September 25, 2018

The Next Generation: Ronnie Grisanti’s at Regalia

The Commercial Appeal

September 25, 2018

The new Ronnie Grisanti’s is a labor of love.

“I knew my father wanted one more restaurant. I had to do this for him,” said chef and owner Judd Grisanti with tears in his eyes.

The Grisanti family has been serving its beloved Northern Italian fare in Memphis for more than 100 years. Judd’s great-grandfather Rinaldo opened his first Memphis restaurant in 1909. Over the years, the family has grown and branched out, and there have been several Grisanti-owned restaurants — each one loved by its customers.

“After my dad passed away last year, I decided it was time to open a new Ronnie Grisanti’s,” Judd said.

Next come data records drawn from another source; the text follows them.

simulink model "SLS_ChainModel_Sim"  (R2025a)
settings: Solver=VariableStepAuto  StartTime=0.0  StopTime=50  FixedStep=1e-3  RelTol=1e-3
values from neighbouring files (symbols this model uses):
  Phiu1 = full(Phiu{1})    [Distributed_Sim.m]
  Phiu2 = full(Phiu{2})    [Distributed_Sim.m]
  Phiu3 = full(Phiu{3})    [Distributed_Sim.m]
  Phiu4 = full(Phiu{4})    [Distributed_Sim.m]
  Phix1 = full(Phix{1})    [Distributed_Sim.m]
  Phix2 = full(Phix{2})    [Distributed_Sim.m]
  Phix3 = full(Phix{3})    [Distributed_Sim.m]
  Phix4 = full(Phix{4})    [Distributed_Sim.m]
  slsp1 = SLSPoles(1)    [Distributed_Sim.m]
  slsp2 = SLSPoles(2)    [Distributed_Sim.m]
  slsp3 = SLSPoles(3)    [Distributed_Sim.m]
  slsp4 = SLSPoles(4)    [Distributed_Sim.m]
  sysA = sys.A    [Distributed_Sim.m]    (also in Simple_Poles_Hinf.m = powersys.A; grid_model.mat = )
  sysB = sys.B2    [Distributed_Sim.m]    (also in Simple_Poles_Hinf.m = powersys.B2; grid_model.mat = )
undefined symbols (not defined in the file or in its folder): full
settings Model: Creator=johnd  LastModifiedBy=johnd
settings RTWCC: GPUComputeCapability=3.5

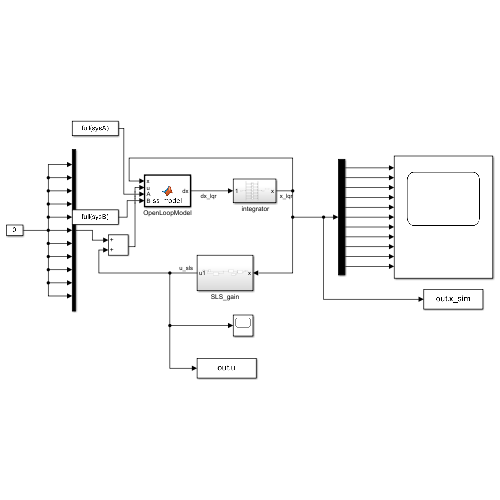
[thumbnail: Simulink's stored preview of the top-level diagram]
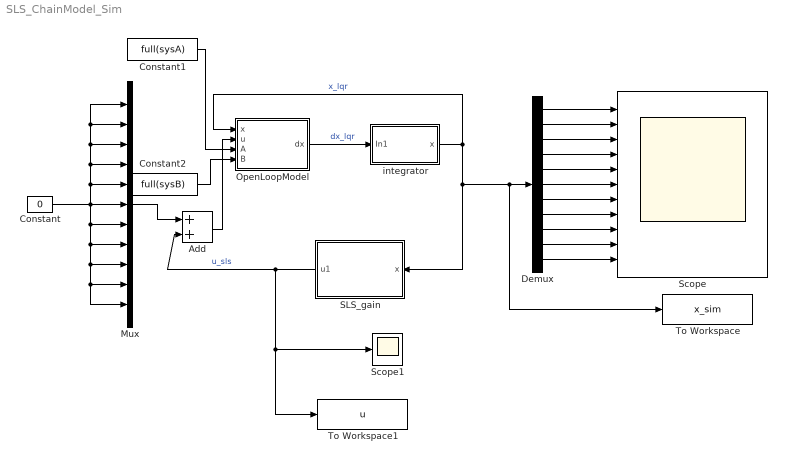
== system SLS_ChainModel_Sim ==
  " integrator" : Subsystem
  Add : Sum
  Constant : Constant  Value=0
  Constant1 : Constant  Value=full(sysA)
  Constant2 : Constant  Value=full(sysB)
  Demux : Demux  Outputs=11
  Mux : Mux  Inputs=11
  OpenLoopModel : MATLAB Function  TreatAsAtomicUnit=on
  SLS_gain : Subsystem
  Scope : Scope  NumInputPorts=11
      settings: ActiveDisplayYMinimum=-2.9E-35  ActiveDisplayYMaximum=3E-36
  Scope1 : Scope
      settings: ActiveDisplayYMinimum=-2.09753  ActiveDisplayYMaximum=0.3482
  To Workspace : ToWorkspace  VariableName=x_sim  SaveFormat=Timeseries  SampleTime=-1
  To Workspace1 : ToWorkspace  VariableName=u  SaveFormat=Timeseries  SampleTime=-1
  wires:
  OpenLoopModel/1(dx) -> " integrator"/1(In1)  "dx_lqr"
  " integrator"/1(x) -> SLS_gain/1(x), To Workspace/1, Demux/1, OpenLoopModel/1(x)  "x_lqr"
  Constant/1 -> Mux/6, Mux/7, Mux/8, Mux/9, Mux/10, Mux/11, Mux/5, Mux/4, Mux/3, Mux/2, Mux/1
  SLS_gain/1(u1) -> To Workspace1/1, Scope1/1, Add/2  "u_sls"
  Mux/1 -> Add/1
  Add/1 -> OpenLoopModel/2(u)
  Demux/1 -> Scope/1
  Demux/3 -> Scope/3
  Demux/2 -> Scope/2
  Demux/4 -> Scope/4
  Demux/5 -> Scope/5
  Demux/6 -> Scope/6
  Demux/7 -> Scope/7
  Demux/8 -> Scope/8
  Demux/9 -> Scope/9
  Demux/10 -> Scope/10
  Demux/11 -> Scope/11
  Constant1/1 -> OpenLoopModel/3(A)
  Constant2/1 -> OpenLoopModel/4(B)

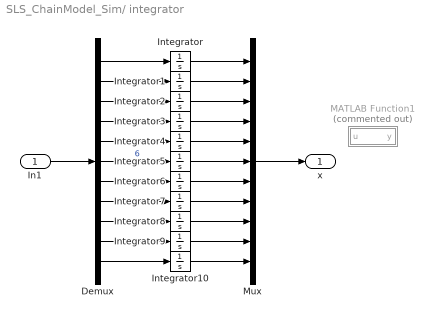
== system SLS_ChainModel_Sim/ integrator ==
  In1 : Inport
  Demux : Demux  Outputs=11
  Integrator{,1..4,6..10} (10 alike) : Integrator
  Integrator5 : Integrator  InitialCondition=1
  MATLAB Function1 : MATLAB Function  Commented=on  TreatAsAtomicUnit=on
  Mux : Mux  Inputs=11
  x : Outport
  wires:
  Demux/1 -> Integrator/1
  Demux/2 -> Integrator1/1
  Mux/1 -> x/1
  In1/1 -> Demux/1
  Demux/3 -> Integrator2/1
  Demux/4 -> Integrator3/1
  Demux/5 -> Integrator4/1
  Demux/6 -> Integrator5/1  "6"
  Demux/7 -> Integrator6/1
  Demux/8 -> Integrator7/1
  Demux/9 -> Integrator8/1
  Demux/10 -> Integrator9/1
  Demux/11 -> Integrator10/1
  Integrator/1 -> Mux/1
  Integrator1/1 -> Mux/2
  Integrator2/1 -> Mux/3
  Integrator3/1 -> Mux/4
  Integrator4/1 -> Mux/5
  Integrator5/1 -> Mux/6
  Integrator6/1 -> Mux/7
  Integrator7/1 -> Mux/8
  Integrator8/1 -> Mux/9
  Integrator9/1 -> Mux/10
  Integrator10/1 -> Mux/11

== system SLS_ChainModel_Sim/SLS_gain ==
  x : Inport
  Constant : Constant  Value=full(sysB)
  MATLAB Function : MATLAB Function  TreatAsAtomicUnit=on
  S*Phi_u(s)1 : Subsystem
  S*Phi_x(s) : Subsystem
  Subtract1 : Sum  Inputs=+-
  u1 : Outport
  wires:
  Subtract1/1 -> S*Phi_u(s)1/1(I), S*Phi_x(s)/1(v)  "v"
  x/1 -> Subtract1/1
  S*Phi_x(s)/1((s*phi_x(s)-I)) -> Subtract1/2
  S*Phi_u(s)1/1(s*phi_u(s)) -> MATLAB Function/1(u)
  MATLAB Function/1(y) -> u1/1
  Constant/1 -> MATLAB Function/2(B)

== system SLS_ChainModel_Sim/SLS_gain/S*Phi_u(s)1 ==
  note: This is for a 2-poles system
  I : Inport
  Add : Sum
  Pair1 : Subsystem
  Pair2 : Subsystem
  s*phi_u(s) : Outport
  wires:
  I/1 -> Pair2/1(u), Pair1/1(u)
  Pair1/1(s*phi_u(s)) -> Add/1
  Add/1 -> s*phi_u(s)/1
  Pair2/1(s*phi_u(s)) -> Add/2

== system SLS_ChainModel_Sim/SLS_gain/S*Phi_x(s) ==
  note: This is for a 2-poles system
  v : Inport
  Add : Sum
  Pair1 : Subsystem
  Pair2 : Subsystem
  (s*phi_x(s)-I) : Outport
  wires:
  v/1 -> Pair1/1(In1), Pair2/1(v)
  Pair1/1(Out1) -> Add/1
  Pair2/1(Out1) -> Add/2
  Add/1 -> (s*phi_x(s)-I)/1

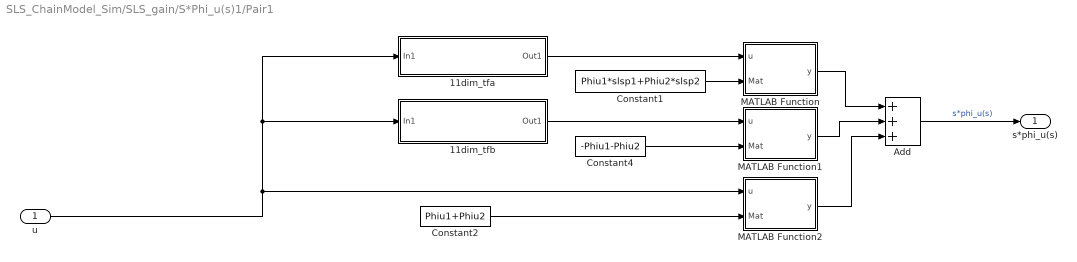
== system SLS_ChainModel_Sim/SLS_gain/S*Phi_u(s)1/Pair1 ==
  u : Inport
  11dim_tfa : Subsystem
  11dim_tfb : Subsystem
  Add : Sum  Inputs=+++
  Constant1 : Constant  Value=Phiu1*slsp1+Phiu2*slsp2  VectorParams1D=off
  Constant2 : Constant  Value=Phiu1+Phiu2
  Constant4 : Constant  Value=-Phiu1-Phiu2
  MATLAB Function : MATLAB Function  TreatAsAtomicUnit=on
  MATLAB Function1 : MATLAB Function  TreatAsAtomicUnit=on
  MATLAB Function2 : MATLAB Function  TreatAsAtomicUnit=on
  s*phi_u(s) : Outport
  wires:
  MATLAB Function/1(y) -> Add/1
  u/1 -> 11dim_tfb/1(In1), 11dim_tfa/1(In1), MATLAB Function2/1(u)
  11dim_tfa/1(Out1) -> MATLAB Function/1(u)
  MATLAB Function1/1(y) -> Add/2
  11dim_tfb/1(Out1) -> MATLAB Function1/1(u)
  MATLAB Function2/1(y) -> Add/3
  Constant1/1 -> MATLAB Function/2(Mat)
  Constant2/1 -> MATLAB Function2/2(Mat)
  Constant4/1 -> MATLAB Function1/2(Mat)
  Add/1 -> s*phi_u(s)/1  "s*phi_u(s)"

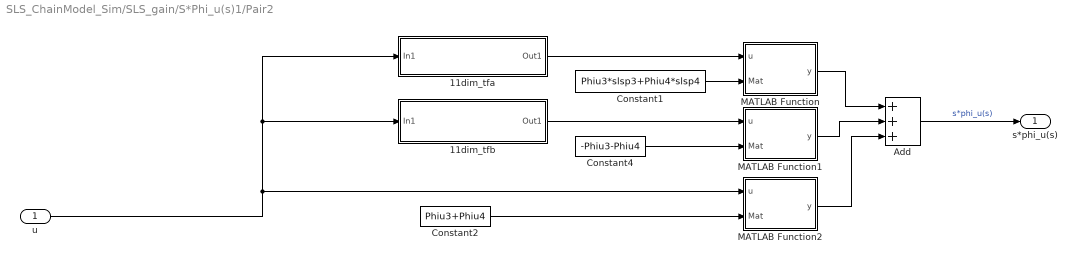
== system SLS_ChainModel_Sim/SLS_gain/S*Phi_u(s)1/Pair2 ==
  u : Inport
  11dim_tfa : Subsystem
  11dim_tfb : Subsystem
  Add : Sum  Inputs=+++
  Constant1 : Constant  Value=Phiu3*slsp3+Phiu4*slsp4  VectorParams1D=off
  Constant2 : Constant  Value=Phiu3+Phiu4
  Constant4 : Constant  Value=-Phiu3-Phiu4
  MATLAB Function : MATLAB Function  TreatAsAtomicUnit=on
  MATLAB Function1 : MATLAB Function  TreatAsAtomicUnit=on
  MATLAB Function2 : MATLAB Function  TreatAsAtomicUnit=on
  s*phi_u(s) : Outport
  wires:
  Add/1 -> s*phi_u(s)/1  "s*phi_u(s)"
  Constant4/1 -> MATLAB Function1/2(Mat)
  Constant2/1 -> MATLAB Function2/2(Mat)
  Constant1/1 -> MATLAB Function/2(Mat)
  MATLAB Function2/1(y) -> Add/3
  11dim_tfb/1(Out1) -> MATLAB Function1/1(u)
  MATLAB Function1/1(y) -> Add/2
  11dim_tfa/1(Out1) -> MATLAB Function/1(u)
  u/1 -> MATLAB Function2/1(u), 11dim_tfa/1(In1), 11dim_tfb/1(In1)
  MATLAB Function/1(y) -> Add/1

== system SLS_ChainModel_Sim/SLS_gain/S*Phi_x(s)/Pair1 ==
  In1 : Inport
  11dim_tfa : Subsystem
  11dim_tfb : Subsystem
  Add : Sum
  Constant1 : Constant  Value=Phix1*slsp1+Phix2*slsp2
  Constant4 : Constant  Value=-Phix1-Phix2
  MATLAB Function : MATLAB Function  TreatAsAtomicUnit=on
  MATLAB Function1 : MATLAB Function  TreatAsAtomicUnit=on
  Out1 : Outport
  wires:
  Add/1 -> Out1/1
  MATLAB Function/1(y) -> Add/1
  11dim_tfb/1(Out1) -> MATLAB Function1/1(u)
  In1/1 -> 11dim_tfa/1(In1), 11dim_tfb/1(In1)
  11dim_tfa/1(Out1) -> MATLAB Function/1(u)
  MATLAB Function1/1(y) -> Add/2
  Constant1/1 -> MATLAB Function/2(Mat)
  Constant4/1 -> MATLAB Function1/2(Mat)

== system SLS_ChainModel_Sim/SLS_gain/S*Phi_x(s)/Pair2 ==
  v : Inport
  11dim_tfa : Subsystem
  11dim_tfb : Subsystem
  Add : Sum
  Constant1 : Constant  Value=Phix3*slsp3+Phix4*slsp4
  Constant4 : Constant  Value=-Phix3-Phix4
  MATLAB Function : MATLAB Function  TreatAsAtomicUnit=on
  MATLAB Function1 : MATLAB Function  TreatAsAtomicUnit=on
  Out1 : Outport
  wires:
  Constant4/1 -> MATLAB Function1/2(Mat)
  Constant1/1 -> MATLAB Function/2(Mat)
  MATLAB Function1/1(y) -> Add/2
  11dim_tfa/1(Out1) -> MATLAB Function/1(u)
  v/1 -> 11dim_tfb/1(In1), 11dim_tfa/1(In1)
  11dim_tfb/1(Out1) -> MATLAB Function1/1(u)
  MATLAB Function/1(y) -> Add/1
  Add/1 -> Out1/1

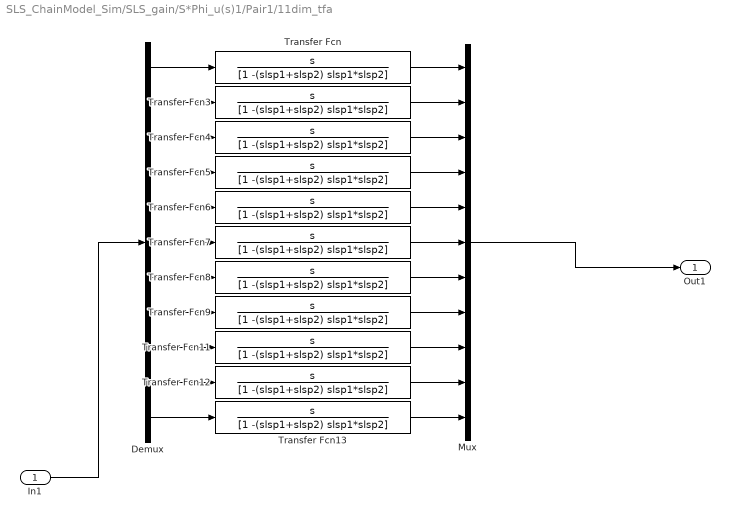
== system SLS_ChainModel_Sim/SLS_gain/S*Phi_u(s)1/Pair1/11dim_tfa ==
  In1 : Inport
  Demux : Demux  Outputs=11
  Mux : Mux  Inputs=11
  Transfer Fcn{,3..9,11..13} (11 alike) : TransferFcn  Numerator=[0 1 0]  Denominator=[1 -(slsp1+slsp2) slsp1*slsp2]
  Out1 : Outport
  wires:
  Transfer Fcn12/1 -> Mux/10
  Demux/7 -> Transfer Fcn8/1
  Transfer Fcn7/1 -> Mux/6
  Demux/4 -> Transfer Fcn5/1
  Demux/2 -> Transfer Fcn3/1
  Demux/9 -> Transfer Fcn11/1
  In1/1 -> Demux/1
  Transfer Fcn9/1 -> Mux/8
  Demux/10 -> Transfer Fcn12/1
  Demux/6 -> Transfer Fcn7/1
  Demux/11 -> Transfer Fcn13/1
  Demux/8 -> Transfer Fcn9/1
  Transfer Fcn11/1 -> Mux/9
  Transfer Fcn5/1 -> Mux/4
  Transfer Fcn3/1 -> Mux/2
  Transfer Fcn4/1 -> Mux/3
  Transfer Fcn6/1 -> Mux/5
  Demux/5 -> Transfer Fcn6/1
  Mux/1 -> Out1/1
  Demux/3 -> Transfer Fcn4/1
  Transfer Fcn8/1 -> Mux/7
  Transfer Fcn13/1 -> Mux/11
  Demux/1 -> Transfer Fcn/1
  Transfer Fcn/1 -> Mux/1

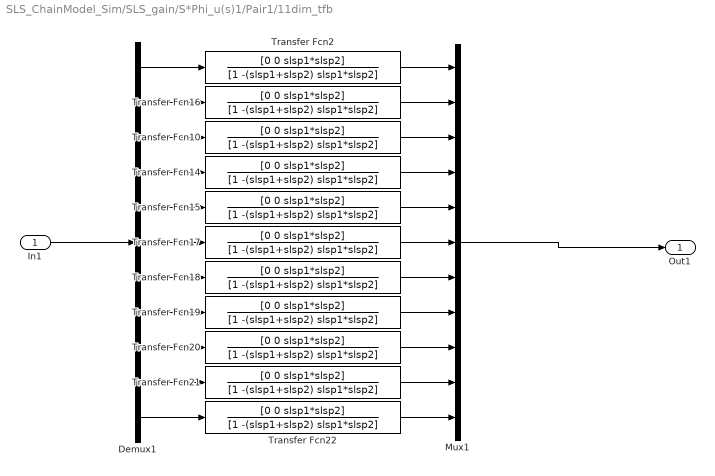
== system SLS_ChainModel_Sim/SLS_gain/S*Phi_u(s)1/Pair1/11dim_tfb ==
  In1 : Inport
  Demux1 : Demux  Outputs=11
  Mux1 : Mux  Inputs=11
  Transfer Fcn{2,10,14..22} (11 alike) : TransferFcn  Numerator=[0 0 slsp1*slsp2]  Denominator=[1 -(slsp1+slsp2) slsp1*slsp2]
  Out1 : Outport
  wires:
  Transfer Fcn20/1 -> Mux1/9
  Demux1/8 -> Transfer Fcn19/1
  Transfer Fcn18/1 -> Mux1/7
  Demux1/7 -> Transfer Fcn18/1
  Transfer Fcn19/1 -> Mux1/8
  Demux1/11 -> Transfer Fcn22/1
  Demux1/4 -> Transfer Fcn14/1
  Transfer Fcn16/1 -> Mux1/2
  Demux1/3 -> Transfer Fcn10/1
  Transfer Fcn10/1 -> Mux1/3
  Demux1/2 -> Transfer Fcn16/1
  Demux1/9 -> Transfer Fcn20/1
  Demux1/10 -> Transfer Fcn21/1
  Transfer Fcn2/1 -> Mux1/1
  Transfer Fcn22/1 -> Mux1/11
  Demux1/1 -> Transfer Fcn2/1
  Demux1/5 -> Transfer Fcn15/1
  In1/1 -> Demux1/1
  Mux1/1 -> Out1/1
  Transfer Fcn15/1 -> Mux1/5
  Demux1/6 -> Transfer Fcn17/1
  Transfer Fcn17/1 -> Mux1/6
  Transfer Fcn14/1 -> Mux1/4
  Transfer Fcn21/1 -> Mux1/10

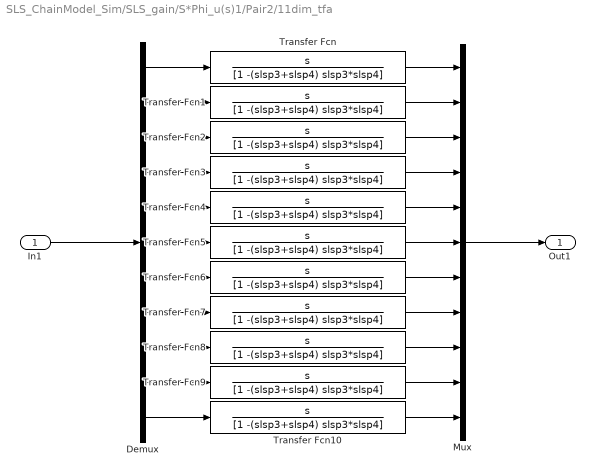
== system SLS_ChainModel_Sim/SLS_gain/S*Phi_u(s)1/Pair2/11dim_tfa ==
  In1 : Inport
  Demux : Demux  Outputs=11
  Mux : Mux  Inputs=11
  Transfer Fcn{,1..10} (11 alike) : TransferFcn  Numerator=[0 1 0]  Denominator=[1 -(slsp3+slsp4) slsp3*slsp4]
  Out1 : Outport
  wires:
  Transfer Fcn/1 -> Mux/1
  Demux/1 -> Transfer Fcn/1
  Transfer Fcn10/1 -> Mux/11
  Transfer Fcn6/1 -> Mux/7
  Demux/3 -> Transfer Fcn2/1
  Mux/1 -> Out1/1
  Demux/5 -> Transfer Fcn4/1
  Transfer Fcn4/1 -> Mux/5
  Transfer Fcn2/1 -> Mux/3
  Transfer Fcn1/1 -> Mux/2
  Transfer Fcn3/1 -> Mux/4
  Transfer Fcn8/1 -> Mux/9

Judd went in search of a new location, considering spots all up and down the Poplar corridor.

“I knew I wanted about a 4,000- to 4,500-square-foot space.  One where I can be involved from the front door to the back door. A place I could really wrap my arms around,” he said.

A location in Regalia Shopping Center offered just what he was looking for in a restaurant. He approached Mike Miller, the owner of Heritage Tavern, and eventually made him an offer he couldn’t refuse.

“This space felt like home to me,” Judd said of the location that once was Mikasa Japanese Restaurant. “When my children were little, we’d come here for sushi. Like it was yesterday, I remember them making mini sushi rolls for my then 2-year-old daughter.”

The new restaurant is scheduled to open Sept. 28.

Fans of the original Ronnie Grisanti’s will be relieved to know Judd plans to serve many of his family’s most popular dishes. That said, the menu will have a modern touch.

“I am calling my new recipes ‘Antiquo-Nuovo,’” Judd said. “I am taking old world recipes and making them with modern ingredients and techniques.”

Judd has invested in such modern cooking equipment as sous-vide immersion circulators, smoke guns and even a new state-of-the-art pasta machine.

Just like when his father was in charge, Judd plans to make all the restaurant’s pasta in house.

“Our pasta machine of 30 years broke this summer,” Judd said with a look of heartbreak on his face. “I wish we could still use it but it would have cost more to repair it than replace it.”

The new machine should make pasta-making more efficient, but it’s obvious Judd would have chosen sentimentality over efficiency on this particular piece of equipment.

“We will be making homemade ravioli, tortellini, tortelloni and even linguine with squid ink,” said Judd when asked to mention a few of the pastas they will prepare by hand.